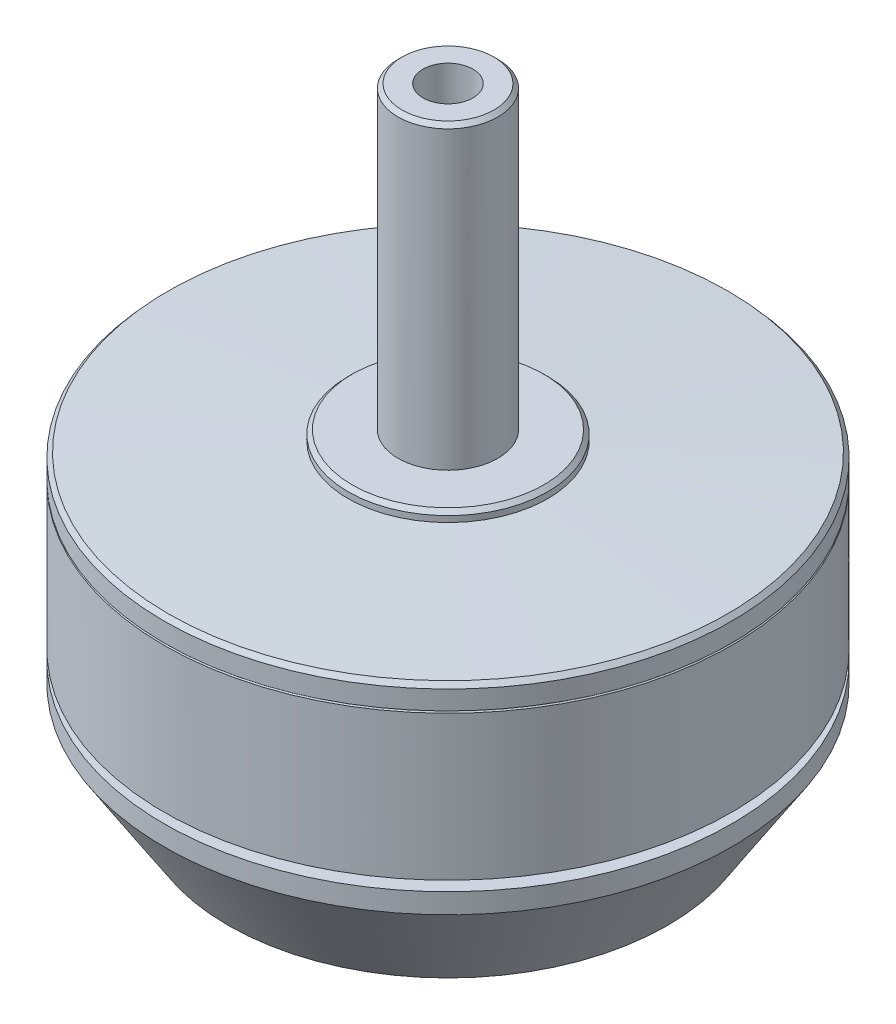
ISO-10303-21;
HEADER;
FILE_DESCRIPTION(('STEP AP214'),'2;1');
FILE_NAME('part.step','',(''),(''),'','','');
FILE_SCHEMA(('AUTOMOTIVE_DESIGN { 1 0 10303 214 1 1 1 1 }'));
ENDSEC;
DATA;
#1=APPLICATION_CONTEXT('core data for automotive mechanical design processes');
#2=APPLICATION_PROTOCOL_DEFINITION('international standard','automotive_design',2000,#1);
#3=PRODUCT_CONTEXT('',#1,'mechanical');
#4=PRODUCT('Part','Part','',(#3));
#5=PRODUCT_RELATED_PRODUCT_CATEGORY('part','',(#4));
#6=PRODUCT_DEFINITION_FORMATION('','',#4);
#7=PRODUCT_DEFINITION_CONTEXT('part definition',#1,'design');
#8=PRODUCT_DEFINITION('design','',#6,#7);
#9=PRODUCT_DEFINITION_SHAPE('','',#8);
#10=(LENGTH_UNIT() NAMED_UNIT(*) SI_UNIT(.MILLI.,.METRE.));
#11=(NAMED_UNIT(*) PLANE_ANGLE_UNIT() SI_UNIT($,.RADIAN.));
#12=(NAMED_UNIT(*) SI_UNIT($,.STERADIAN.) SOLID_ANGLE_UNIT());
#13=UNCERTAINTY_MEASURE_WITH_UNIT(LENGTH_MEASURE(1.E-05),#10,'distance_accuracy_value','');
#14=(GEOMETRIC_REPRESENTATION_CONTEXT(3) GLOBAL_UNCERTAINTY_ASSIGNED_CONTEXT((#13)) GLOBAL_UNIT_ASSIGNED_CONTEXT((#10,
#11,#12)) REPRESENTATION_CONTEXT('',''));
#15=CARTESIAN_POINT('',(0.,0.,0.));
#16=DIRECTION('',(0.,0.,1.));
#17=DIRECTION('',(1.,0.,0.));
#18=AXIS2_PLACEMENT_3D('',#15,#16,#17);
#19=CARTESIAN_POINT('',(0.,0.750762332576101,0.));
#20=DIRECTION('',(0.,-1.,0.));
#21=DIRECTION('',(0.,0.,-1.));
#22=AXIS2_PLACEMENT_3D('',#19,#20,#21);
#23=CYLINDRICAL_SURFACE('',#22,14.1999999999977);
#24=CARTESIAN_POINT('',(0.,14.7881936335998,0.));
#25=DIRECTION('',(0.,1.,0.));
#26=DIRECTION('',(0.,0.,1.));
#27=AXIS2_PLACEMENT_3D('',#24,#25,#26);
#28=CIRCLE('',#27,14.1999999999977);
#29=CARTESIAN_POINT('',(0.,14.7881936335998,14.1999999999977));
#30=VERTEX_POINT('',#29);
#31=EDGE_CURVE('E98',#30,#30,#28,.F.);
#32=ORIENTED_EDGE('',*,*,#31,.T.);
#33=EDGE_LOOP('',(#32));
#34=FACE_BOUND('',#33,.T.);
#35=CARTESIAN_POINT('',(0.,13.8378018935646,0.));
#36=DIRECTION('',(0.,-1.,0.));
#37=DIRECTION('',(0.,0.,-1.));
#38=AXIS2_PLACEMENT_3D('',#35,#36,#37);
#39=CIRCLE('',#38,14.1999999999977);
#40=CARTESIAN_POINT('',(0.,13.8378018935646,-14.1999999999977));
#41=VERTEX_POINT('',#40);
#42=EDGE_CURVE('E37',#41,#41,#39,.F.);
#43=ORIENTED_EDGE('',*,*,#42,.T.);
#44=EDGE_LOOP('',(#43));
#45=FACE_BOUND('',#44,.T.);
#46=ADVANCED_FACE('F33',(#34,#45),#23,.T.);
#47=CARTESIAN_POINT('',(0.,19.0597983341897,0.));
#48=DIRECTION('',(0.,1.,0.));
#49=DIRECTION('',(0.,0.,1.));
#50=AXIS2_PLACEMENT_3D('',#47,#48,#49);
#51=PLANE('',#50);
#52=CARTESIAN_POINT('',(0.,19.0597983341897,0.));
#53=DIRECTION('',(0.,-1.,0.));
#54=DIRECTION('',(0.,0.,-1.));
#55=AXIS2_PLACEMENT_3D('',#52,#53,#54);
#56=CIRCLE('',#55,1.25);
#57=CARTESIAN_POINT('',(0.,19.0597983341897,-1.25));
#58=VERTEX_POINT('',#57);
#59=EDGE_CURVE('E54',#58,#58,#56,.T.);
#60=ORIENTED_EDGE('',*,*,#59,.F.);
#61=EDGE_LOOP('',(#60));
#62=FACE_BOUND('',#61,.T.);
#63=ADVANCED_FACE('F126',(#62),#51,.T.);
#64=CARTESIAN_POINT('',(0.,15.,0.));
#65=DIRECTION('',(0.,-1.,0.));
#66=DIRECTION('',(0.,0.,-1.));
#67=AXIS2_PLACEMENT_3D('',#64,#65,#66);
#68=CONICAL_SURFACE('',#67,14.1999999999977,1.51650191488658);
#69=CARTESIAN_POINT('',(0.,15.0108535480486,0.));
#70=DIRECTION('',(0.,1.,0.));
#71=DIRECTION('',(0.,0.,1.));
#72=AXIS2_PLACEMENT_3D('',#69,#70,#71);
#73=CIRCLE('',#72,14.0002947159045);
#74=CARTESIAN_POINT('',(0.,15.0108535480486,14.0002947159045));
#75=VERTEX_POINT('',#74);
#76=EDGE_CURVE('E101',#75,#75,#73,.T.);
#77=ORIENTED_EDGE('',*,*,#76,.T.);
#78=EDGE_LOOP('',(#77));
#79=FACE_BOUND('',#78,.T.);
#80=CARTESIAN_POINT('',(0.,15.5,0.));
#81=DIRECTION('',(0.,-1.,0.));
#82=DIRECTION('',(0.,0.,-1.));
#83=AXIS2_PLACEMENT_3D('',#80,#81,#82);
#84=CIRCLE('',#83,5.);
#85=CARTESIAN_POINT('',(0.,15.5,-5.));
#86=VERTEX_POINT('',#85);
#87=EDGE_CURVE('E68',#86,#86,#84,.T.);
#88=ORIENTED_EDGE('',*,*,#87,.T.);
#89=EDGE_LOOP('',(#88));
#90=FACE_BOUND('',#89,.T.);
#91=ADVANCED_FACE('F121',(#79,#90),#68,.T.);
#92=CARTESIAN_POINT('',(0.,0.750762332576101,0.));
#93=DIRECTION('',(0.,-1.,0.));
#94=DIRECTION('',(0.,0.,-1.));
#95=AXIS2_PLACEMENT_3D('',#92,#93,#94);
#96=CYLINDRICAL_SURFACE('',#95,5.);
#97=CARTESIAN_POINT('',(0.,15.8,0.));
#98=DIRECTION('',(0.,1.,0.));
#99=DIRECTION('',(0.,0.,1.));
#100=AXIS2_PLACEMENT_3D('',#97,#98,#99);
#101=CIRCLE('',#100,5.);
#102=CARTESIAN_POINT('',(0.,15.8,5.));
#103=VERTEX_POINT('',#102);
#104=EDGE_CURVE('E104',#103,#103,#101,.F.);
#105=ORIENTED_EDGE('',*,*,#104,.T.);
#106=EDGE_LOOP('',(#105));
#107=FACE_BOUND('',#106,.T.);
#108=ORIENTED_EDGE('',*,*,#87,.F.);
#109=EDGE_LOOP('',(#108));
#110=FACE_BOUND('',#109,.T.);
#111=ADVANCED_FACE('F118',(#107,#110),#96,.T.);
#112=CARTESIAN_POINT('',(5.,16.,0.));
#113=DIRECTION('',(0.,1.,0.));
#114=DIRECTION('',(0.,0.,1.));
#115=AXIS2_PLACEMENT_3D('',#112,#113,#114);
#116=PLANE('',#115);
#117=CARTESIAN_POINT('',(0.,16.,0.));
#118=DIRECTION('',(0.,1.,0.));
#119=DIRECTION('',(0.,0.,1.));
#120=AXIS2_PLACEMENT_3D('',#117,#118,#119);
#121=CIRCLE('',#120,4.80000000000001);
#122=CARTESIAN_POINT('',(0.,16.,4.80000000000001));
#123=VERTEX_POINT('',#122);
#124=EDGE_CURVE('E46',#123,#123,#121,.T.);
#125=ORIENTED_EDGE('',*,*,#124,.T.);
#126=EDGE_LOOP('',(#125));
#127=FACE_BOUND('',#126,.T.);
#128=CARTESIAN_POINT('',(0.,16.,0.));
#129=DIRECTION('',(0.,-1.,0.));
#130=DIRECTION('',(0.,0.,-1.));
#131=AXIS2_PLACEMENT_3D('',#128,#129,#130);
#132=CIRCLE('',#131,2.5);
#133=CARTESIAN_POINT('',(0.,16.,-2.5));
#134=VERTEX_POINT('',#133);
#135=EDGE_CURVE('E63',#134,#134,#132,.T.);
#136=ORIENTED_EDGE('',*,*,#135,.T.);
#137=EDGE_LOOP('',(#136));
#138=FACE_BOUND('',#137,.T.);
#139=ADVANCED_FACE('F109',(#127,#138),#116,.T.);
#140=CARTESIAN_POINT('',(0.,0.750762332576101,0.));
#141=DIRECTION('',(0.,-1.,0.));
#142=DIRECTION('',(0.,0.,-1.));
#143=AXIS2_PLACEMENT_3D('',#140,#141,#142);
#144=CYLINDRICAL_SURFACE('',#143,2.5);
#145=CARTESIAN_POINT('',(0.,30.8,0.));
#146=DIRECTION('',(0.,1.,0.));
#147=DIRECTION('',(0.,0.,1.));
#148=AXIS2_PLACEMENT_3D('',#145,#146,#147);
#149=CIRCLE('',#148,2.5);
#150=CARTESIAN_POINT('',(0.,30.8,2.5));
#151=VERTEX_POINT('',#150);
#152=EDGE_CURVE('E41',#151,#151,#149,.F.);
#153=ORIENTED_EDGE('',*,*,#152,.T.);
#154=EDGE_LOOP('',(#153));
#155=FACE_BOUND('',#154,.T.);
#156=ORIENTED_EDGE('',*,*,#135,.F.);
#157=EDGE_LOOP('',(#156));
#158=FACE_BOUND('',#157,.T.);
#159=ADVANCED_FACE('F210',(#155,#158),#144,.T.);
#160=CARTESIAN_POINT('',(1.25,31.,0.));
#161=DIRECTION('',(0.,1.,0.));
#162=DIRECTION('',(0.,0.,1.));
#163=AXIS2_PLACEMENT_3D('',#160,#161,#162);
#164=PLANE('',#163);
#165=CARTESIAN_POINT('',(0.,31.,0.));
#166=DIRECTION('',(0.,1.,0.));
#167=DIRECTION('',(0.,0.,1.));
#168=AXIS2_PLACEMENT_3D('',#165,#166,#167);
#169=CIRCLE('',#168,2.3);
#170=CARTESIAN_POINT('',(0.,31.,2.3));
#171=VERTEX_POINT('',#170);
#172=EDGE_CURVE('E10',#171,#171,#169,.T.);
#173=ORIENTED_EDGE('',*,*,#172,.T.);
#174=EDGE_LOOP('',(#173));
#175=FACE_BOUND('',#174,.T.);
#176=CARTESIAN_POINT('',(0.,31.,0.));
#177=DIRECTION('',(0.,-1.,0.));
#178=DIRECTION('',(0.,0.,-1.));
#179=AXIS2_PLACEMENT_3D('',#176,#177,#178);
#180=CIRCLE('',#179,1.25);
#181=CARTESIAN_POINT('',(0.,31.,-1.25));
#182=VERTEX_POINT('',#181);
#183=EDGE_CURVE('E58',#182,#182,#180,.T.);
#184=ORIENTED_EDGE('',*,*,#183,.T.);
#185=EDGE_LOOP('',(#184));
= = =
» Assigned task
Beginning with the line containing "#99=DIRECTION('',(0.,0.,1.));" in the material above, copy every line exactly until you have copied the line containing "#134=VERTEX_POINT('',#133);".

» Result of the exercise
#99=DIRECTION('',(0.,0.,1.));
#100=AXIS2_PLACEMENT_3D('',#97,#98,#99);
#101=CIRCLE('',#100,5.);
#102=CARTESIAN_POINT('',(0.,15.8,5.));
#103=VERTEX_POINT('',#102);
#104=EDGE_CURVE('E104',#103,#103,#101,.F.);
#105=ORIENTED_EDGE('',*,*,#104,.T.);
#106=EDGE_LOOP('',(#105));
#107=FACE_BOUND('',#106,.T.);
#108=ORIENTED_EDGE('',*,*,#87,.F.);
#109=EDGE_LOOP('',(#108));
#110=FACE_BOUND('',#109,.T.);
#111=ADVANCED_FACE('F118',(#107,#110),#96,.T.);
#112=CARTESIAN_POINT('',(5.,16.,0.));
#113=DIRECTION('',(0.,1.,0.));
#114=DIRECTION('',(0.,0.,1.));
#115=AXIS2_PLACEMENT_3D('',#112,#113,#114);
#116=PLANE('',#115);
#117=CARTESIAN_POINT('',(0.,16.,0.));
#118=DIRECTION('',(0.,1.,0.));
#119=DIRECTION('',(0.,0.,1.));
#120=AXIS2_PLACEMENT_3D('',#117,#118,#119);
#121=CIRCLE('',#120,4.80000000000001);
#122=CARTESIAN_POINT('',(0.,16.,4.80000000000001));
#123=VERTEX_POINT('',#122);
#124=EDGE_CURVE('E46',#123,#123,#121,.T.);
#125=ORIENTED_EDGE('',*,*,#124,.T.);
#126=EDGE_LOOP('',(#125));
#127=FACE_BOUND('',#126,.T.);
#128=CARTESIAN_POINT('',(0.,16.,0.));
#129=DIRECTION('',(0.,-1.,0.));
#130=DIRECTION('',(0.,0.,-1.));
#131=AXIS2_PLACEMENT_3D('',#128,#129,#130);
#132=CIRCLE('',#131,2.5);
#133=CARTESIAN_POINT('',(0.,16.,-2.5));
#134=VERTEX_POINT('',#133);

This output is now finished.